19日に奈良美智、山口晃、加藤美佳などの現代日本の新世代アーティストの作品を集めた『ネオテニー・ジャパン』を見てきた。
大型の作品が多かったため、作品数自体は少なかったが、様々なジャンルで現在進行形で活躍しているアーティストの作品を間近に見ることができ、すばらしかった。
看板になっているのは加藤美佳の『パンジーズ』であるが、作品がでかく(235×187cm)年齢不詳の少女が圧倒的迫力で迫ってくる。サイズは大きいが、垂れている髪の毛などは一本一本緻密に描かれており、妙なリアル感があるので、作品の前に立つとどうにも落ち着きがなくなる。視線がこちらを向いていないのが、かえって気になってしまう。
おなじみの奈良美智の作品は全部で4点あったが、こちらはしっかりと睨みつけられてしまった。なにか大人の悪い面を見透かされるようだ。作品の中から『あんたみたくはならないよ』と言われているようだ。
山口晃の作品はハイテク武将とでも言う『五武人圖』が印象的だった。
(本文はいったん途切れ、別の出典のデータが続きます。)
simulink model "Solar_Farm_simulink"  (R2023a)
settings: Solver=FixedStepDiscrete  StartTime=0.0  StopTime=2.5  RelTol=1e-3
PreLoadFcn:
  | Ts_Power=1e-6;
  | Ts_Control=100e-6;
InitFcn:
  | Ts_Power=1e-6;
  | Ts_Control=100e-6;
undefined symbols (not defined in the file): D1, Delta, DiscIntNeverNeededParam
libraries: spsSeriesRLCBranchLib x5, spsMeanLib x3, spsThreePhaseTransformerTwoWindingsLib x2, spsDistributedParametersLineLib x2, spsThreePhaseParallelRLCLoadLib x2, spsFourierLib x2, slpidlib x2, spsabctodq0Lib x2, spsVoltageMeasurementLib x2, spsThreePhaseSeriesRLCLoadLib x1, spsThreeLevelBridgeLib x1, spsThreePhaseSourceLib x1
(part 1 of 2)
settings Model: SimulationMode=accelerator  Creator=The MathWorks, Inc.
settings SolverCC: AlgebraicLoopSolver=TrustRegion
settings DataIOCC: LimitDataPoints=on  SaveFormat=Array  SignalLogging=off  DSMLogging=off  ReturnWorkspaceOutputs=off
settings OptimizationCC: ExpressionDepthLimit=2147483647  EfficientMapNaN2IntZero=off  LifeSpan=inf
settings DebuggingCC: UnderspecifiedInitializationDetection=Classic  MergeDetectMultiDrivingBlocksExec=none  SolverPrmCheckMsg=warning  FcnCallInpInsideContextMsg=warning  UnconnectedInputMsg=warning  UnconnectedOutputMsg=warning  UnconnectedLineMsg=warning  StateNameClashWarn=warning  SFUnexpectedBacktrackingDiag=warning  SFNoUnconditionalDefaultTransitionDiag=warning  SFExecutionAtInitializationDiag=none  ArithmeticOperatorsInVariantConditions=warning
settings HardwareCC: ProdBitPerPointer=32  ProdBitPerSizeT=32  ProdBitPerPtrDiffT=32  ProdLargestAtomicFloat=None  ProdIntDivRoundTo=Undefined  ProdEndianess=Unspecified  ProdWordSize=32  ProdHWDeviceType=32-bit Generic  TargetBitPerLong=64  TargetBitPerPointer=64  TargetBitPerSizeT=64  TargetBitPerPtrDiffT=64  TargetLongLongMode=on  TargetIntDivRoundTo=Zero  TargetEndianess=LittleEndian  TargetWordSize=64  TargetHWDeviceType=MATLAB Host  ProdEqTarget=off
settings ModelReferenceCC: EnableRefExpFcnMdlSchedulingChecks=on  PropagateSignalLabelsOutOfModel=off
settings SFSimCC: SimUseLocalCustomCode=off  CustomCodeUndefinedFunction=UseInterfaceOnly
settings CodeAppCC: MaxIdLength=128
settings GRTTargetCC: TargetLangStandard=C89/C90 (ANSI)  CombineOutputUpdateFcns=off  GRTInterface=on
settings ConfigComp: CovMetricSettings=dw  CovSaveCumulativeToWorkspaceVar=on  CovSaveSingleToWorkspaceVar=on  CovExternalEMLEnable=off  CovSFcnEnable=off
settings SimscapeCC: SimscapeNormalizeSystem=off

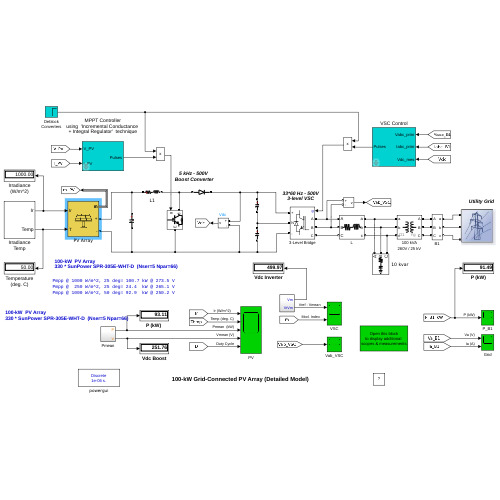
[thumbnail: Simulink's stored preview of the top-level diagram]
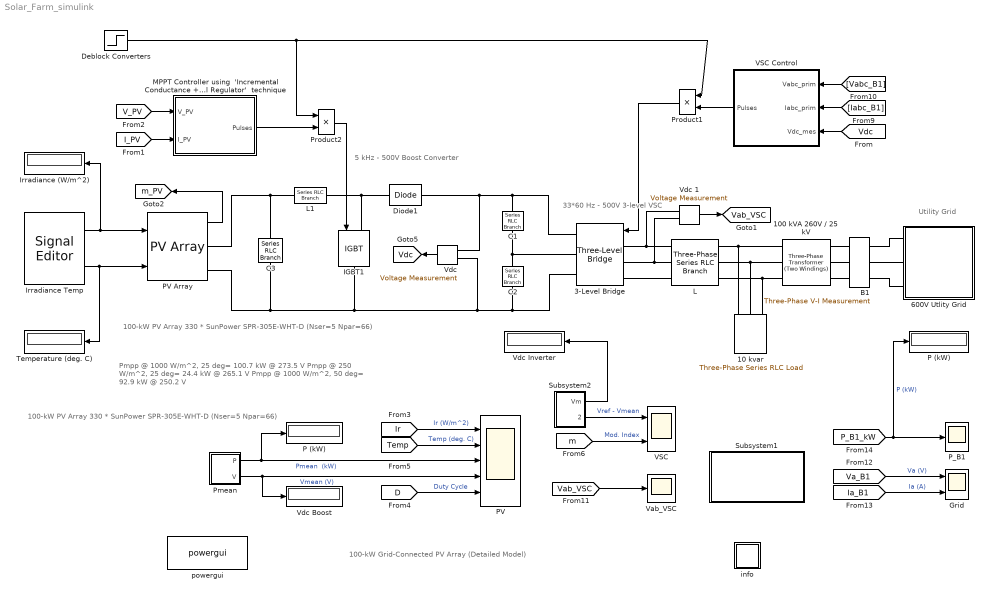
== system Solar_Farm_simulink ==
  note: 5 kHz - 500V
      | Boost Converter
  note: 33*60 Hz - 500V
      | 3-level VSC
  note: 100-kW Grid-Connected PV Array (Detailed Model)
  note: Utility Grid
  note: Pmpp @ 1000 W/m^2, 25 deg= 100.7 kW @ 273.5 V
      | Pmpp @  250 W/m^2, 25 deg= 24.4  kW @ 265.1 V
      | Pmpp @ 1000 W/m^2, 50 deg= 92.9  kW @ 250.2 V
  note: 100-kW  PV Array
      | 330 * SunPower SPR-305E-WHT-D  (Nser=5 Npar=66)
  note: 100-kW  PV Array
      | 330 * SunPower SPR-305E-WHT-D  (Nser=5 Npar=66)
  10 kvar : spsThreePhaseSeriesRLCLoadLib/Three-Phase Series RLC Load  LConnTagsString=A|B|C  Configuration=Y (grounded)  NominalVoltage=240  Vabc=[1e3 1e3 1e3]  Vabcp=[1e3 1e3 1e3]  NominalFrequency=60  UnbalancedPower=off  ActivePower=10e3/100  InductivePower=0  CapacitivePower=10e3  Pabc=[10e3 9e3 11e3]  QLabc=[100 90 110]  QCabc=[100 90 110]  Pabcp=[10e3 9e3 11e3]  QLabcp=[100 90 110]  QCabcp=[100 90 110]  Measurements=None  LoadType=constant Z
  100 kVA 260V / 25 kV : spsThreePhaseTransformerTwoWindingsLib/Three-Phase Transformer (Two Windings)  Winding1Connection=Yg  Winding2Connection=Delta (D1)  CoreType=Three single-phase transformers  SetSaturation=off  Hysteresis=off  DataFile='hysteresis'  SetInitialFlux=off  Measurements=None  UNITS=pu  NominalPower=[100e3 , 60 ]  Winding1=[ 25e3 , 0.001 , 0.03 ]  Winding2=[ 260 , 0.001 , 0.03 ]  Rm=500  Lm=500  L0=0.5  Saturation=[ 0,0 ; 0.0024,1.2 ; 1.0,1.52 ]  InitialFluxes=[ 0.8 , -0.8 , 0.7 ]  BreakLoop=off  DiscreteSolver=Trapezoidal iterative  DataType=off  TransfoNumber=0
  3-Level Bridge : spsThreeLevelBridgeLib/Three-Level Bridge  Arms=3  SnubberResistance=1e6  SbubberCapacitance=inf  Device=IGBT / Diodes  Ron=0.2e-3  ForwardVoltages="[  0  0 ]"  Measurements=None
      settings: AttributesFormatString=\n
  600V Utlity Grid : Subsystem
      mask Display: image('grid.jpg')
  B1 : spsThreePhaseVIMeasurementLib/Three-Phase V-I Measurement  VoltageMeasurement=phase-to-ground  SetLabelV=on  LabelV=Vabc_B1  Vpu=off  VpuLL=off  CurrentMeasurement=yes  SetLabelI=on  LabelI=Iabc_B1  Ipu=off  Pbase=100e6  Vbase=500e3  OutputType=Magnitude  PhasorSimulation=off  PSBequivalent=0
  C1 : spsSeriesRLCBranchLib/Series RLC Branch  LConnTagsString=__new0  RConnTagsString=__new0  BranchType=C  Resistance=1.0  Inductance=1.0  SetiL0=off  InitialCurrent=0  Capacitance=12000e-06  Setx0=off  InitialVoltage=0  Measurements=None
  C2 : spsSeriesRLCBranchLib/Series RLC Branch  LConnTagsString=__new0  RConnTagsString=__new0  BranchType=C  Resistance=1.0  Inductance=1.0  SetiL0=off  InitialCurrent=0  Capacitance=12000e-06  Setx0=off  InitialVoltage=0  Measurements=None
  C3 : spsSeriesRLCBranchLib/Series RLC Branch  LConnTagsString=__new0  RConnTagsString=__new0  BranchType=C  Resistance=1.0  Inductance=1.0  SetiL0=off  InitialCurrent=0  Capacitance=100e-6  Setx0=off  InitialVoltage=0  Measurements=Branch voltage
  Deblock Converters : Step  Time=0.05  SampleTime=0
  Diode1 : spsDiodeLib/Diode  Ron=1e-4  Lon=0  Vf=0  IC=0  UseSnubber=off  Rs=inf  Cs=inf  Measurements=off
  Grid : Scope  NumInputPorts=2
  IGBT1 : spsIGBTLib/IGBT  Ron=0.001  Lon=0  Vf=0  Tf=0  Tt=0  IC=0  Rs=1e5  Cs=inf  Measurements=off
  Irradiance (W/m^2) : Display
      settings: Format=bank  Decimation=1000
  Irradiance Temp : SignalEditorBlockLib/Signal Editor  FileName=dpower_PVarray_grid_det.mat  ActiveScenario=Ramp_up_down_Irradiance  ActiveSignal=Temp  IsBus=off  OutputBusObjectStr=Bus: BusObject  SampleTime=0  OutputAfterFinalValue=Extrapolation  Unit=inherit  PreserveSignalName=on  ApplySigPropsToAllScenarios=on
  L : spsThreePhaseSeriesRLCBranchLib/Three-Phase Series RLC Branch  LConnTagsString=A|B|C  RConnTagsString=A|B|C  BranchType=RL  Resistance=500e-6*377/50/2  Inductance=500e-6/2  Capacitance=inf  Measurements=None
  L1 : spsSeriesRLCBranchLib/Series RLC Branch  LConnTagsString=__new0  RConnTagsString=__new0  BranchType=RL  Resistance=0.005  Inductance=5e-3  SetiL0=off  InitialCurrent=0  Capacitance=1e-6  Setx0=off  InitialVoltage=0  Measurements=None
  "MPPT Controller using  'Incremental Conductance + Integral Regulator'  technique " : Subsystem  mask(Boost Control - MPPT){fc=5000, T_MPPT=200e-6, Dinit=0.5}
      mask prompts: fc "PWM switching frequency (Hz)"; T_MPPT "Time window used by MPPT control (s)"; Dinit "Initial value of duty cycle"
  P (kW) : Display
      settings: Format=bank  Decimation=2000
  "P (kW) " : Display
      settings: Format=bank  Decimation=2000
  PV : Scope  NumInputPorts=5
  PV Array : spsPVArrayLib/PV Array  Npar=66  Nser=5  PlotType=array @ 1000 W/m2 & specified temperatures  S_vec="[ 1000  250 ]"  Temp_C_vec="[0 25  50  ]"  ModuleName=SunPower SPR-305E-WHT-D  PlotWhenSelected=off  Pm=305.226  Ncell=96  Voc=64.2  Isc=5.96  Vm=54.7  Im=5.58  beta_Voc_pc=-0.2727  alpha_Isc_pc=0.061745  beta_Voc=-0.17507  alpha_Isc=0.00368  IL=5.9657  I0=6.3076e-12  nI=0.94489  Rsh=393.2054  Rs=0.37428  RobustModel=off  RobustCellTemperature=25  BAL=on  Tc=1e-6  Tfilter=5e-5
  P_B1 : Scope
  Pmean : Subsystem
  Product1 : Product  RndMeth=Zero
  Product2 : Product  RndMeth=Zero
  Subsystem1 : Subsystem
      mask Display: disp('Open this block\nto display additional \nscopes & measurements')
  Subsystem2 : Subsystem
  Temperature (deg. C) : Display
      settings: Format=bank  Decimation=1000
  VSC : Scope  NumInputPorts=2
  VSC Control : Subsystem  mask(VSC Main Controller){nom=[ 100e3  60 ], Vnom=[ 25e3 260 ], Vnom_dc=500, RLxfo=[0.002  0.06 ], RLchoke=[2e-3  250e-6  ], K_VDCreg=[7  800], K_Ireg=[0.3 20], Ts=Ts_Control}
      mask prompts: nom "Nominal power and frequency [ Pnom(VA)  Fnom(Hz) ]:"; Vnom "Nominal primary and secondary voltages (Vrms LL) [ Vnom_prim   Vnom_sec ]:"; Vnom_dc "Nominal DC bus voltage (V):"; RLxfo "Total transformer leakage impedance (pu/Pnom) [ Rxfo  Lxf ]"; RLchoke "Choke impedance [ R(ohm) L(H) ]"; K_VDCreg "VDC regultator gains [ Kp  Ki ]:"; K_Ireg "Current regulator gains [ Kp  Ki ]:"; Ts "Sample time"
      mask init:
      | Pnom=nom(1);
      | Fnom=nom(2);
      | Vnom_prim=Vnom(1);
      | Vnom_sec=Vnom(2);
      | Zbase=Vnom_sec^2/Pnom;
      | Rtot_pu=RLxfo(1) + RLchoke(1)/Zbase;
      | Ltot_pu=RLxfo(2) + RLchoke(2)/(Zbase/(2*pi*Fnom));
      | Kp_VDCreg=K_VDCreg(1);
      | Ki_VDCreg=K_VDCreg(2);
      | Kp_Ireg=K_Ireg(1);
      | Ki_Ireg=K_Ireg(2);
      | Vdc_ref=Vnom_dc;
      | % Used to determine initial value of Boost Control (MPPT)
      | assignin('base','Vdc_ref_Inv',Vdc_ref);
  Vab_VSC : Scope
  "Vdc " : spsVoltageMeasurementLib/Voltage Measurement  Tag=PoWeRsYsTeMmEaSuReMeNt  PhasorSimulation=off  OutputType=Magnitude  PSBequivalent=0
  Vdc 1 : spsVoltageMeasurementLib/Voltage Measurement  Tag=PoWeRsYsTeMmEaSuReMeNt  PhasorSimulation=off  OutputType=Magnitude  PSBequivalent=0
  Vdc Boost : Display
      settings: Format=bank  Decimation=2000
  Vdc Inverter : Display
      settings: Format=bank  Decimation=2000
  info : Subsystem
      settings: OpenFcn=showdemo(bdroot(gcb))
      mask Display: disp('?')
  powergui : spspowerguiLib/powergui  Priority=1  SimulationMode=Discrete  SampleTime=Ts_Power  frequency=60  Iterations=50  frequencyindice=0  Pbase=100e6  ErrMax=1e-4  UnitsV=kV  UnitsW=MW  buscounter=0  FunctionMessages=off  echomessages=off  EnableUseOfTLC=off  CurrentSourceSwitches=off  DisableSnubberDevices=off  DisableRonSwitches=off  DisableVfSwitches=off  DisplayEquations=off  AutomaticDiscreteSolvers=off  SolverType=Tustin/Backward Euler (TBE)  Interpol=off  ExternalGateDelay=off  methode=off  Ts=0  x0status=blocks  SPID=off  SwTol=0  HookPort=off  NonlinearTolerance=1e-8  nMaxIteration=10  ContinueOnMaxIteration=off  RestoreLinks=warning  ResistiveCurrentMeasurement=off  Frange=[0:2:500]  Ylog=off  Xlog=on  ShowGrid=off  save=off  variable=ZData  structure=0  ZoomFFT=on  StartTime=0.0  cycles=1  DisplayStyle=1  fundamental=60  FreqAxis=off  MaxFrequency=1000  frequencyindicesteady=1  RmsSteady=1  display=off
  tag scope: Vab_VSC=global, Vdc=global, m_PV=global
  wires:
  "Vdc "/1 -> [Vdc]
  Product2/1 -> IGBT1/1
  "MPPT Controller using  'Incremental Conductance + Integral Regulator'  technique "/1(Pulses) -> Product2/2
  Deblock Converters/1 -> Product1/1, Product2/1
  [Vabc_B1] -> VSC Control/1(Vabc_prim)
  [Iabc_B1] -> VSC Control/2(Iabc_prim)
  [Vdc] -> VSC Control/3(Vdc_mes)
  VSC Control/1(Pulses) -> Product1/2
  Product1/1 -> 3-Level Bridge/1
  [I_PV] -> "MPPT Controller using  'Incremental Conductance + Integral Regulator'  technique "/2(I_PV)
  [V_PV] -> "MPPT Controller using  'Incremental Conductance + Integral Regulator'  technique "/1(V_PV)
  Pmean/1(P) -> "P (kW) "/1, PV/3  "Pmean  (kW)"
  [m] -> VSC/2  "Mod. Index"
  Vdc 1/1 -> [Vab_VSC]
  [Vab_VSC] -> Vab_VSC/1
  [Ia_B1] -> Grid/2  "Ia (A)"
  [Va_B1] -> Grid/1  "Va (V)"
  [P_B1_kW] -> P_B1/1, P (kW)/1  "P (kW)"
  Pmean/2(V) -> Vdc Boost/1, PV/4  "Vmean (V)"
  Subsystem2/2(VrVm) -> VSC/1  "Vref - Vmean"
  Subsystem2/1(Vm) -> Vdc Inverter/1
  PV Array/1 -> [m_PV]
  Irradiance Temp/1 -> PV Array/1, Irradiance (W/m^2)/1
  Irradiance Temp/2 -> PV Array/2, Temperature (deg. C)/1
  [D] -> PV/5  "Duty Cycle"
  [Temp] -> PV/2  "Temp (deg. C)"
  [Ir] -> PV/1  "Ir (W/m^2)"
  connections:
  3-Level Bridge/RConn1 -- Diode1/RConn1 -- "Vdc "/LConn1 -- C1/LConn1
  L1/RConn1 -- Diode1/LConn1 -- IGBT1/LConn1
  3-Level Bridge/RConn3 -- C2/RConn1 -- "Vdc "/LConn2 -- IGBT1/RConn1 -- PV Array/RConn2 -- C3/RConn1
  3-Level Bridge/LConn1 -- L/LConn1 -- Vdc 1/LConn1
  3-Level Bridge/LConn2 -- L/LConn2 -- Vdc 1/LConn2
  3-Level Bridge/LConn3 -- L/LConn3
  L/RConn1 -- 100 kVA 260V / 25 kV/RConn1 -- 10 kvar/LConn1
  L/RConn2 -- 100 kVA 260V / 25 kV/RConn2 -- 10 kvar/LConn2
  L/RConn3 -- 100 kVA 260V / 25 kV/RConn3 -- 10 kvar/LConn3
  B1/LConn1 -- 100 kVA 260V / 25 kV/LConn1
  B1/LConn2 -- 100 kVA 260V / 25 kV/LConn2
  B1/LConn3 -- 100 kVA 260V / 25 kV/LConn3
  C2/LConn1 -- C1/RConn1 -- 3-Level Bridge/RConn2
  C3/LConn1 -- PV Array/RConn1 -- L1/LConn1
  B1/RConn2 -- 600V Utlity Grid/LConn2
  B1/RConn1 -- 600V Utlity Grid/LConn1
  B1/RConn3 -- 600V Utlity Grid/LConn3

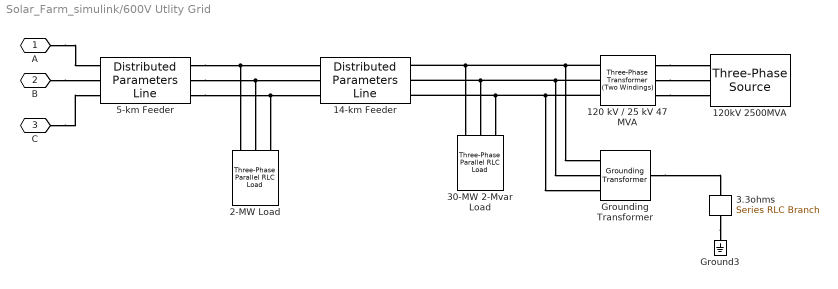
== system Solar_Farm_simulink/600V Utlity Grid ==
  120 kV / 25 kV 47 MVA : spsThreePhaseTransformerTwoWindingsLib/Three-Phase Transformer (Two Windings)  Winding1Connection=Yg  Winding2Connection=Delta (D1)  CoreType=Three single-phase transformers  SetSaturation=off  Hysteresis=off  DataFile='basic_model'  SetInitialFlux=off  Measurements=None  UNITS=pu  NominalPower=[47e6 60 ]  Winding1="[ 120e3  0.08/30   0.08 ]"  Winding2="[ 25e3  0.08/30  0.08]"  Rm=500  Lm=500  L0=0.5  Saturation="[ 0,0  ;  0.005,1.2  ;  1.0,1.4 ]"  InitialFluxes=[ 0.8 , -0.8 , 0.7 ]  BreakLoop=off  DiscreteSolver=Trapezoidal iterative  DataType=off  TransfoNumber=0
  120kV 2500MVA : spsThreePhaseSourceLib/Three-Phase Source  InternalConnection=Yg  VoltagePhases=off  Voltage=120e3  PhaseAngle=0  Voltage_phases=[25e3 25e3 25e3]/sqrt(3)  PhaseAngles_phases=[0 -120 +120]  Frequency=60  NonIdealSource=on  SpecifyImpedance=on  Resistance=0.8929  Inductance=16.58e-3  ShortCircuitLevel=2500e6  BaseVoltage=120e3  XRratio=7  BusType=swing  Pref=0  Qref=0  Prefabc=[10e3, 10e3, 10e3]  Qrefabc=[0, 0, 0]  Qmin=-inf  Qmax=inf
  14-km Feeder : spsDistributedParametersLineLib/Distributed Parameters Line  Phases=3  Length=14  Frequency=60  Resistance=[0.1153 0.413]  Inductance=[1.05e-3 3.32e-3]  Capacitance=[11.33e-009 5.01e-009]  x1=[-5.8e-05 2.50217396067509e-09 0 0;-5.7e-05 2.50196188940633e-09 0 0;-5.6e-05 2.50174946255299e-09 0 0;-5.5e-05 2.50153668014525e-09 0 0;-5.4e-05 2.50132354221337e-09 0 0;-5.3e-05 2.50111004878763e-09 0 0;-5.2e-05 2.50089619989837e-09 0 0;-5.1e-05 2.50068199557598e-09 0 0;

鎧兜姿の武士だが、クラシックなデザインの現代兵器で武装している姿が良い。
他にも源氏物語のような絵巻で現代の温泉宿?を表現した『今様遊楽圖』は、その下書きも同時に展示されており、書き込みの細かさを直接比較出来、興味深かった。
今回の展覧会は精神科医である高橋龍太郎氏の個人コレクションからのセレクトであるが、すばらしいラインナップだ。
古典的作品の技法を用いながらも斬新な作品が多く、日本新世代のトップアーティストの作品には非常に力強いものを感じた。
大変すばらしい展覧会で、おそらく全国を巡回していると思うが、それでも直接足を運べる人は少ないと思う。
いつも思うのだがネットでこれらの作品を公開する事は出来ないのだろうか?
会場に出向くことができても、時間の都合や人の込み具合などでじっくり作品を鑑賞する事はなかなか出来ないのが実情だ。
以前、上野でアールヌーボーの宝飾展を見に行った時は、作品の前からオバチャンが動かず、何点か見ることができなかった苦い思いがある。
著作権の問題がある事は十分分かっているが、このような芸術作品ほどオープンにしてもらいたいものだ。